Task goal
Scan the entries for the word "ezdxf" and return every line that has it.

[Saved entries]
□ □ □ □
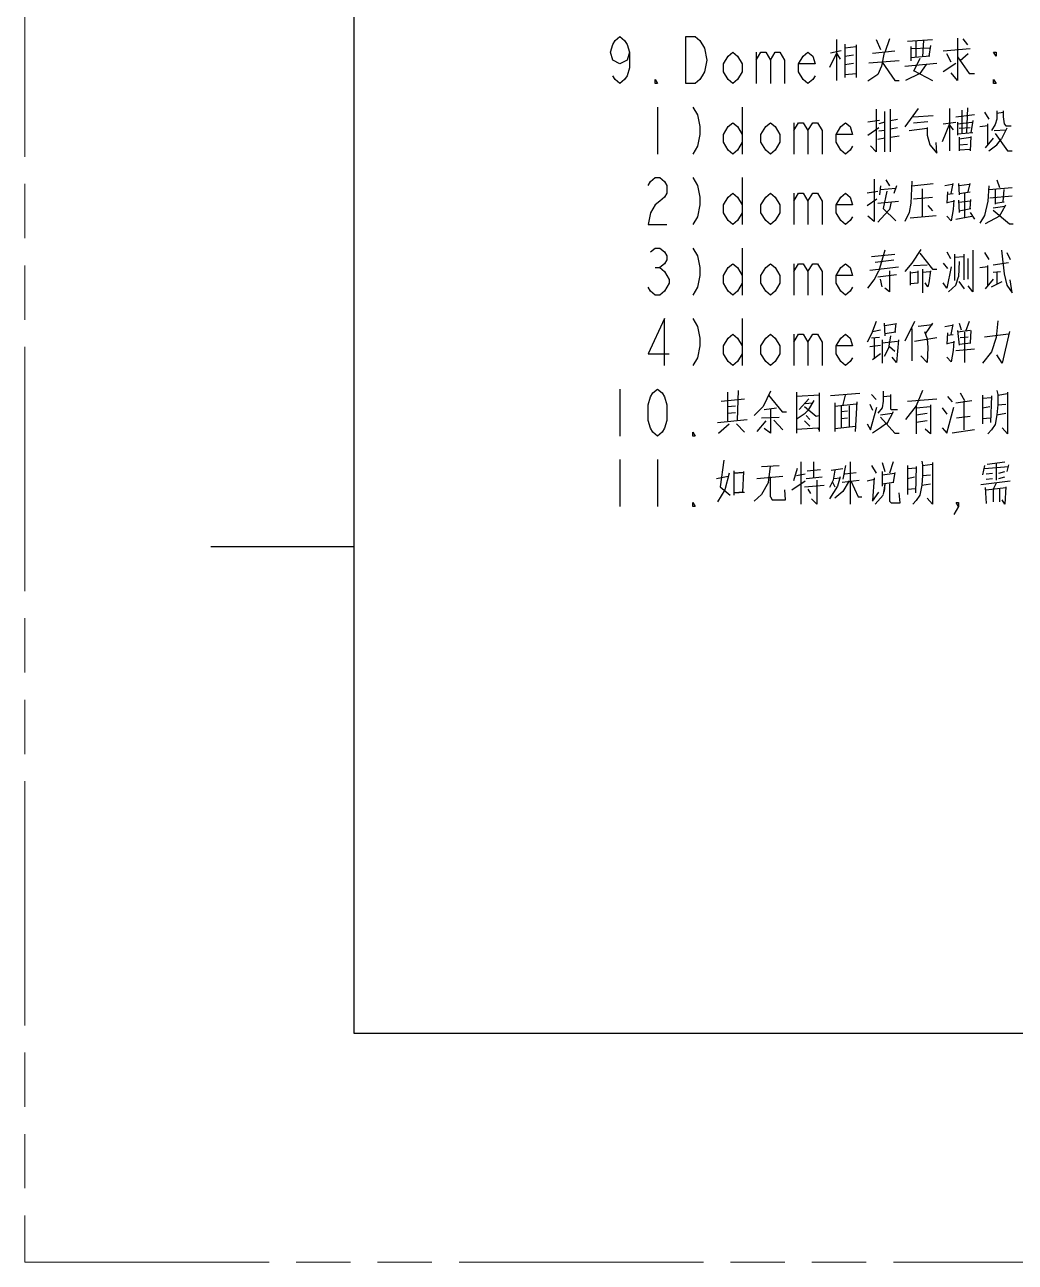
# Model space of a CAD drawing. Header units: millimetres. Extents: x 7 to 507, y -14 to 339.
# Drawn here: x 7.4 to 49.5, y -14.1 to 38.6 of the extents above; entities that cross this region are included whole.
import ezdxf

# ---------------------------------------------------------------- set-up
doc = ezdxf.new("R2010")
doc.units = ezdxf.units.MM
doc.header["$LTSCALE"] = 23.1
doc.linetypes.add('PHANTOM', pattern=[0.8, 0.45, -0.05, 0.1, -0.05, 0.1, -0.05])
doc.layers.get('0').update_dxf_attribs({"linetype": 'CONTINUOUS'})
doc.layers.add('0PAPERF', color=2, linetype='PHANTOM', lineweight=9, plot=False)

msp = doc.modelspace()

# ---------------------------------------------------------------- linework, layer by layer
for p, q in [((21.3585, 320.7442), (21.3585, -4.3541)), ((21.3585, 16.345), (15.2705, 16.345)), ((21.3585, -4.3541), (491.3508, -4.3541))]:
    msp.add_line(p, q)
at = {"color": 2}
for p, q in [((41.8988, 37.9313), (41.8988, 36.1894)), ((43.575, 37.9313), (43.7655, 37.5119)), ((44.1465, 37.9636), (43.956, 37.3829)), ((44.9084, 37.8668), (45.975, 37.9313)), ((47.2703, 37.9636), (47.4607, 37.7055)), ((38.4798, 37.3937), (38.4798, 36.0603)), ((42.0893, 37.4474), (41.6322, 37.3506)), ((42.2417, 37.7377), (42.2417, 36.3184)), ((42.2417, 37.5765), (42.7369, 37.641)), ((42.7369, 37.7055), (42.7369, 36.3184)), ((43.4226, 37.3506), (44.375, 37.4474)), ((45.0607, 37.641), (45.0607, 37.0281)), ((45.0607, 37.5442), (45.8607, 37.5765)), ((45.2893, 37.1894), (45.2893, 37.8668)), ((45.5941, 37.899), (45.556, 37.1894)), ((45.8988, 37.6732), (45.8226, 37.2216)), ((46.4322, 37.4474), (47.575, 37.5442)), ((41.8988, 37.3506), (41.5941, 36.7377)), ((41.8988, 37.3506), (42.0512, 37.0926)), ((42.2417, 37.2216), (42.6226, 37.2861)), ((42.2417, 36.8668), (42.6226, 36.9313)), ((44.5655, 37.0281), (43.2703, 36.9313)), ((44.7941, 36.8023), (46.1655, 36.9313)), ((45.8607, 37.2216), (45.0607, 37.1571)), ((45.4417, 37.1248), (45.175, 36.5765)), ((46.4322, 36.5765), (46.9655, 36.9313)), ((46.775, 36.9636), (46.5845, 37.3184)), ((47.4988, 37.3184), (47.156, 37.0281)), ((42.2417, 36.4474), (42.7369, 36.4797)), ((45.175, 36.6087), (45.975, 36.1894)), ((34.2798, 35.0603), (34.2798, 33.0603)), ((37.8798, 35.0603), (37.8798, 33.0603)), ((43.956, 33.1571), (43.956, 34.8668)), ((44.1845, 33.1571), (44.1845, 34.9635)), ((45.3655, 34.9958), (44.7941, 34.2216)), ((46.6988, 34.9958), (46.6988, 33.1894)), ((47.2322, 34.9313), (47.2322, 33.9313)), ((47.4607, 35.0281), (47.4226, 33.9635)), ((48.1845, 34.8345), (48.375, 34.5442)), ((48.7179, 34.899), (48.7179, 34.5442)), ((48.7179, 34.8023), (48.9845, 34.8345)), ((40.0798, 34.3937), (40.0798, 33.0603)), ((43.7274, 34.4797), (43.2322, 34.4152)), ((43.956, 34.4152), (43.6893, 34.3506)), ((44.1845, 34.4797), (44.4893, 34.5442)), ((45.175, 34.641), (46.0131, 34.7055)), ((45.175, 34.3829), (45.7845, 34.4474)), ((46.6988, 34.3506), (46.3941, 33.5764)), ((46.4322, 34.3506), (46.9655, 34.4152)), ((46.6988, 34.2861), (46.8512, 34.0926)), ((46.9655, 34.641), (47.7655, 34.7377)), ((47.0417, 34.4152), (47.0417, 33.8668)), ((47.0417, 34.3506), (47.6512, 34.4152)), ((47.6893, 34.4797), (47.6131, 33.9635)), ((48.3369, 34.2539), (47.9941, 34.2216)), ((48.3369, 33.4797), (48.3369, 34.3506)), ((43.2322, 33.8668), (43.6893, 34.1894)), ((43.956, 33.7377), (43.6512, 33.6732)), ((43.956, 34.0603), (43.6893, 34.0281)), ((44.1845, 34.1248), (44.4893, 34.1894)), ((44.1845, 33.77), (44.5655, 33.8345)), ((44.9845, 34.0603), (45.7465, 34.1571)), ((47.6893, 33.9635), (47.0417, 33.899)), ((47.1179, 34.1571), (47.575, 34.1894)), ((47.1179, 33.77), (47.1179, 33.1894)), ((47.1179, 33.7055), (47.6131, 33.77)), ((47.6131, 33.8023), (47.575, 33.1894)), ((48.5655, 33.7377), (48.2226, 33.3184)), ((48.6036, 34.0603), (49.0988, 34.0926)), ((49.1369, 34.1571), (48.9084, 33.7055)), ((47.1179, 33.4474), (47.4607, 33.4797)), ((47.575, 33.2539), (47.1179, 33.2216)), ((37.8798, 32.0603), (37.8798, 30.0603)), ((43.7655, 31.7055), (43.7274, 31.3184)), ((43.7655, 31.5442), (44.4131, 31.6087)), ((43.9941, 31.9635), (44.1465, 31.7055)), ((44.4512, 31.7055), (44.3369, 31.3829)), ((45.0988, 31.7055), (46.0131, 31.8023)), ((46.8131, 31.77), (46.5084, 31.7055)), ((46.775, 31.3829), (46.8512, 31.8023)), ((47.0798, 31.8023), (47.1179, 31.3184)), ((47.5369, 31.77), (47.1179, 31.7055)), ((47.4988, 31.4474), (47.575, 31.8023)), ((48.375, 31.5442), (49.3655, 31.641)), ((48.7179, 31.9635), (48.8322, 31.641)), ((40.0798, 31.3937), (40.0798, 30.0603)), ((43.1941, 31.4152), (43.6512, 31.4797)), ((43.1941, 30.8668), (43.6131, 31.1571)), ((45.175, 31.1571), (45.975, 31.2216)), ((45.556, 30.4152), (45.556, 31.5765)), ((46.6226, 31.4474), (46.5845, 30.9635)), ((46.6226, 31.3506), (46.8512, 31.3829)), ((47.0798, 31.0926), (47.1179, 30.5765)), ((47.1179, 31.3829), (47.575, 31.4474)), ((47.3465, 31.3829), (47.3465, 30.3506)), ((47.575, 30.7377), (47.6131, 31.1248)), ((48.4131, 31.1894), (49.3655, 31.2861)), ((48.6417, 31.5442), (48.6417, 30.9313)), ((48.9845, 31.0281), (49.0226, 31.5442)), ((43.6512, 30.9635), (44.5274, 31.0603)), ((45.7845, 30.8668), (45.975, 30.641)), ((46.5845, 30.9958), (46.8512, 31.0603)), ((47.575, 31.0603), (47.1179, 30.9958)), ((47.1179, 30.641), (47.6131, 30.7377)), ((47.575, 30.5765), (47.7655, 30.2861)), ((48.5655, 30.77), (49.0607, 30.8345)), ((48.6417, 30.9635), (49.0226, 31.0281)), ((45.0226, 30.3506), (46.1274, 30.4474)), ((46.9655, 30.2861), (47.6512, 30.4152)), ((48.8322, 30.4152), (48.2226, 30.0926)), ((37.8798, 29.0603), (37.8798, 27.0603)), ((43.956, 28.9635), (43.6893, 28.0926)), ((43.3845, 28.7055), (44.375, 28.8023)), ((44.3369, 28.5442), (43.5369, 28.4474)), ((46.5845, 28.899), (46.7369, 28.6087)), ((46.9274, 27.6732), (46.9274, 28.8023)), ((46.9274, 28.6732), (47.3084, 28.7055)), ((47.1179, 28.4797), (47.0798, 27.8345)), ((47.3084, 28.8023), (47.3084, 27.7055)), ((47.4988, 27.7377), (47.4988, 28.6087)), ((48.1845, 28.8668), (48.375, 28.5765)), ((48.5655, 28.3506), (49.2131, 28.4474)), ((49.1369, 28.8668), (49.2893, 28.5765)), ((34.1798, 28.227), (34.3798, 28.227)), ((40.0798, 28.3937), (40.0798, 27.0603)), ((43.3084, 28.1248), (44.5274, 28.2539)), ((43.6512, 27.8345), (44.4512, 27.9313)), ((45.0226, 28.0603), (45.0226, 27.4797)), ((45.3655, 28.0281), (45.0226, 27.9958)), ((45.175, 28.3184), (45.7465, 28.3506)), ((45.3655, 27.5765), (45.3655, 28.0926)), ((45.556, 28.1571), (45.556, 27.1571)), ((45.556, 28.0281), (45.8607, 28.0603)), ((46.4322, 28.4152), (46.6226, 28.1894)), ((48.3369, 28.2539), (47.9941, 28.2216)), ((48.3369, 27.4797), (48.3369, 28.3184)), ((48.5655, 28.0281), (48.8703, 28.0603)), ((48.7179, 28.0281), (48.7179, 27.5442)), ((43.8417, 27.4152), (43.7655, 27.7377)), ((45.0226, 27.5442), (45.3655, 27.5765)), ((47.3465, 27.3184), (47.1179, 27.641)), ((48.5655, 27.7377), (48.2226, 27.3184)), ((48.4893, 27.4152), (48.9465, 27.641)), ((37.8798, 26.0603), (37.8798, 24.0603)), ((43.9179, 25.8668), (43.956, 25.3184)), ((43.956, 25.77), (44.375, 25.8345)), ((44.4131, 25.8668), (44.375, 25.4797)), ((45.2131, 25.9313), (44.7941, 25.0926)), ((45.3655, 25.7377), (45.975, 25.8023)), ((45.975, 25.8668), (45.6703, 25.4152)), ((46.775, 25.3829), (46.8512, 25.8023)), ((47.1179, 25.8668), (47.1941, 25.5765)), ((47.5369, 25.9313), (47.3845, 25.5119)), ((40.0798, 25.3937), (40.0798, 24.0603)), ((43.4226, 25.5119), (43.7655, 25.5765)), ((44.4131, 25.4797), (43.956, 25.4152)), ((45.0988, 25.641), (45.0988, 24.2539)), ((46.8131, 25.77), (46.5084, 25.7055)), ((46.6226, 25.4474), (46.5845, 24.9635)), ((46.6226, 25.3506), (46.8512, 25.3829)), ((47.0417, 25.5442), (47.1179, 24.9313)), ((47.575, 25.5442), (47.0417, 25.4797)), ((47.156, 25.2539), (47.4988, 25.2861)), ((47.3465, 25.4797), (47.3465, 24.1894)), ((47.6131, 25.5442), (47.575, 25.0281)), ((48.1845, 25.2861), (49.2131, 25.4152)), ((43.3084, 24.8668), (43.7655, 24.9313)), ((43.7274, 25.2539), (43.3845, 25.2216)), ((43.4988, 25.2216), (43.4988, 24.3506)), ((43.8417, 25.1571), (43.8417, 24.1571)), ((43.8417, 25.0281), (44.4893, 25.0926)), ((44.1465, 24.8668), (44.375, 24.6732)), ((45.2131, 25.0926), (46.1655, 25.2539)), ((46.5845, 24.9958), (46.8512, 25.0603)), ((46.9655, 24.7055), (47.7655, 24.77)), ((47.1179, 24.9635), (47.6131, 25.0281)), ((43.4226, 24.3184), (43.7655, 24.5765)), ((32.6798, 23.0603), (32.6798, 21.0603)), ((37.2512, 22.9313), (37.2512, 21.7055)), ((37.7084, 22.9958), (37.6703, 21.7377)), ((39.0036, 22.8023), (39.575, 22.0926)), ((40.1845, 22.9313), (40.1845, 21.1894)), ((41.175, 22.8023), (40.1845, 22.7377)), ((41.175, 21.2539), (41.175, 22.899)), ((42.8893, 22.8668), (41.6322, 22.77)), ((42.1655, 22.3506), (42.2798, 22.8023)), ((43.3845, 22.8345), (43.575, 22.6087)), ((43.8798, 22.7377), (44.1845, 22.77)), ((46.6226, 22.7377), (46.8131, 22.5119)), ((47.156, 22.899), (47.3465, 22.5765)), ((48.1084, 22.8023), (48.1084, 21.5765)), ((48.1084, 22.6732), (48.4893, 22.7055)), ((48.4893, 22.77), (48.4512, 21.641)), ((48.756, 22.8023), (49.175, 22.8668)), ((36.9845, 22.5442), (37.975, 22.641)), ((37.2512, 22.3184), (37.5941, 22.3506)), ((38.8131, 22.1894), (39.3465, 22.2539)), ((40.7179, 22.641), (40.2988, 22.1894)), ((40.5655, 22.4474), (40.8703, 22.4797)), ((41.8226, 22.4797), (41.8226, 21.2539)), ((42.7369, 22.4152), (41.8226, 22.3184)), ((42.0893, 22.3506), (42.0893, 21.4152)), ((42.356, 22.1248), (42.0893, 22.0926)), ((42.4322, 22.3506), (42.4322, 21.4474)), ((42.6988, 21.2539), (42.775, 22.5119)), ((43.3084, 22.4152), (43.4226, 22.1571)), ((44.9084, 22.5442), (46.1655, 22.641)), ((45.2893, 22.3506), (45.2893, 21.1571)), ((45.2893, 22.2539), (45.8988, 22.3184)), ((46.3941, 22.2539), (46.5845, 21.9958)), ((46.9655, 22.4797), (47.6512, 22.5765)), ((47.3084, 22.5442), (47.3084, 21.3184)), ((48.1084, 22.2539), (48.4131, 22.3184)), ((48.756, 22.3829), (49.0988, 22.4152)), ((36.8322, 21.641), (38.0893, 21.77)), ((37.2512, 22.0281), (37.5941, 22.0603)), ((38.8893, 21.7055), (38.5084, 21.2539)), ((38.6988, 21.8345), (39.4607, 21.8668)), ((39.2322, 21.7377), (39.6131, 21.3184)), ((39.575, 22.0926), (39.7655, 22.0926)), ((40.2226, 21.8023), (40.5655, 22.0281)), ((40.5274, 21.7055), (40.756, 21.4797)), ((40.6036, 21.9313), (40.756, 21.77)), ((42.0893, 21.8023), (42.356, 21.8345)), ((43.7655, 21.9635), (44.2607, 22.0281)), ((44.2988, 22.0926), (44.0322, 21.5765)), ((45.2893, 21.9635), (45.7465, 22.0281)), ((45.7465, 21.7055), (45.2893, 21.641)), ((47.0036, 21.8345), (47.575, 21.899)), ((48.1084, 21.8023), (48.4512, 21.8345)), ((48.7179, 21.9635), (49.0988, 22.0281)), ((36.8703, 21.1894), (37.3274, 21.5765)), ((37.6322, 21.5765), (37.975, 21.2216)), ((40.1845, 21.3506), (41.0988, 21.4152)), ((41.175, 21.3184), (41.0988, 21.4152)), ((41.8226, 21.3829), (42.6988, 21.4797)), ((47.7655, 21.3184), (46.8131, 21.1894)), ((32.6798, 20.0603), (32.6798, 18.0603)), ((34.2798, 20.0603), (34.2798, 18.0603)), ((37.0988, 20.0281), (36.9465, 18.899)), ((37.5179, 19.5765), (37.5179, 18.5442)), ((37.9369, 19.5119), (37.5179, 19.4797)), ((37.5179, 19.4797), (37.8988, 19.5119)), ((37.9369, 19.5442), (37.8988, 18.6732)), ((38.6988, 19.77), (39.4607, 19.8023)), ((39.0036, 19.0926), (39.0798, 19.77)), ((40.2226, 19.6732), (40.0703, 19.1571)), ((40.375, 19.9635), (40.375, 18.1571)), ((40.6417, 19.5765), (41.2131, 19.641)), ((40.9084, 19.9635), (40.9084, 19.2861)), ((41.6703, 19.6087), (42.1655, 19.6732)), ((42.2798, 19.8023), (42.1655, 19.2216)), ((42.2417, 19.4474), (42.7369, 19.5119)), ((42.4703, 19.9635), (42.4703, 18.1571)), ((43.3845, 19.8023), (43.575, 19.4797)), ((43.8417, 19.9313), (43.956, 19.5442)), ((43.8417, 19.5442), (43.8417, 18.9313)), ((44.2988, 19.9635), (44.1465, 19.4797)), ((44.375, 19.5119), (44.2988, 19.0926)), ((44.9084, 19.8023), (44.9084, 18.5765)), ((44.9084, 19.6732), (45.2893, 19.7055)), ((45.2893, 19.77), (45.2512, 18.641)), ((45.556, 19.8023), (45.975, 19.8668)), ((48.1845, 19.8023), (48.1084, 19.4152)), ((48.1845, 19.6732), (49.2131, 19.77)), ((48.2988, 19.8668), (49.0607, 19.9635)), ((48.6798, 19.899), (48.6798, 19.1894)), ((48.7941, 19.4797), (49.0607, 19.5442)), ((49.2131, 19.8345), (49.1369, 19.5442)), ((36.7941, 19.2539), (37.2893, 19.3506)), ((38.5084, 19.2539), (39.6131, 19.3506)), ((39.0036, 19.0926), (38.6988, 18.5765)), ((39.0798, 18.4797), (39.0798, 19.3184)), ((39.9941, 18.77), (40.5655, 19.1571)), ((40.1845, 19.3829), (40.5655, 19.4474)), ((40.5274, 18.899), (41.3655, 18.9635)), ((40.6036, 19.2539), (41.2893, 19.3184)), ((41.7084, 19.1248), (41.8226, 18.899)), ((41.7845, 19.2539), (42.0512, 19.2861)), ((42.1274, 19.0926), (42.8512, 19.1894)), ((43.1941, 19.1571), (43.4988, 19.2216)), ((43.4988, 19.2861), (43.4226, 18.3184)), ((43.8417, 19.4152), (44.375, 19.4797)), ((43.8417, 19.0281), (44.3369, 19.0926)), ((43.956, 19.0281), (43.8798, 18.5765)), ((43.956, 19.0281), (43.9179, 18.7055)), ((44.9084, 19.2539), (45.2131, 19.3184)), ((45.5179, 18.9635), (45.8988, 19.0281)), ((45.556, 19.3829), (45.8988, 19.4152)), ((48.0322, 18.9958), (49.2893, 19.1571)), ((48.2607, 19.4474), (48.5274, 19.4797)), ((48.2607, 19.2216), (48.5274, 19.2539)), ((48.6798, 19.0603), (48.5655, 18.8023)), ((48.7941, 19.2539), (49.0607, 19.3184)), ((36.9465, 18.899), (37.3655, 18.5442)), ((37.9369, 18.6732), (37.5179, 18.641)), ((37.5179, 18.641), (37.975, 18.6732)), ((38.6988, 18.5765), (38.3941, 18.2861)), ((40.6798, 18.8023), (40.7941, 18.6087)), ((43.4226, 18.2861), (43.6893, 18.6732)), ((43.8798, 18.5442), (43.5369, 18.1571)), ((44.9084, 18.8023), (45.2512, 18.8345)), ((48.2226, 18.8668), (48.2607, 18.1894)), ((48.2607, 18.77), (49.0988, 18.8668)), ((48.5655, 18.77), (48.5655, 18.2539)), ((48.8322, 18.8023), (48.8322, 18.2539))]:
    msp.add_line(p, q, dxfattribs=at)
for points in [[(33.0798, 37.3937), (32.9798, 37.0603), (32.6798, 36.8937), (32.3798, 37.0603), (32.2798, 37.3937), (32.3798, 37.727), (32.4798, 37.8937), (32.6798, 38.0603), (32.8798, 37.8937), (32.9798, 37.727), (33.0798, 37.3937), (33.0798, 36.727), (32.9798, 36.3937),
□ □ □ □
Exercise solution
import ezdxf
doc = ezdxf.new("R2010")
doc.units = ezdxf.units.MM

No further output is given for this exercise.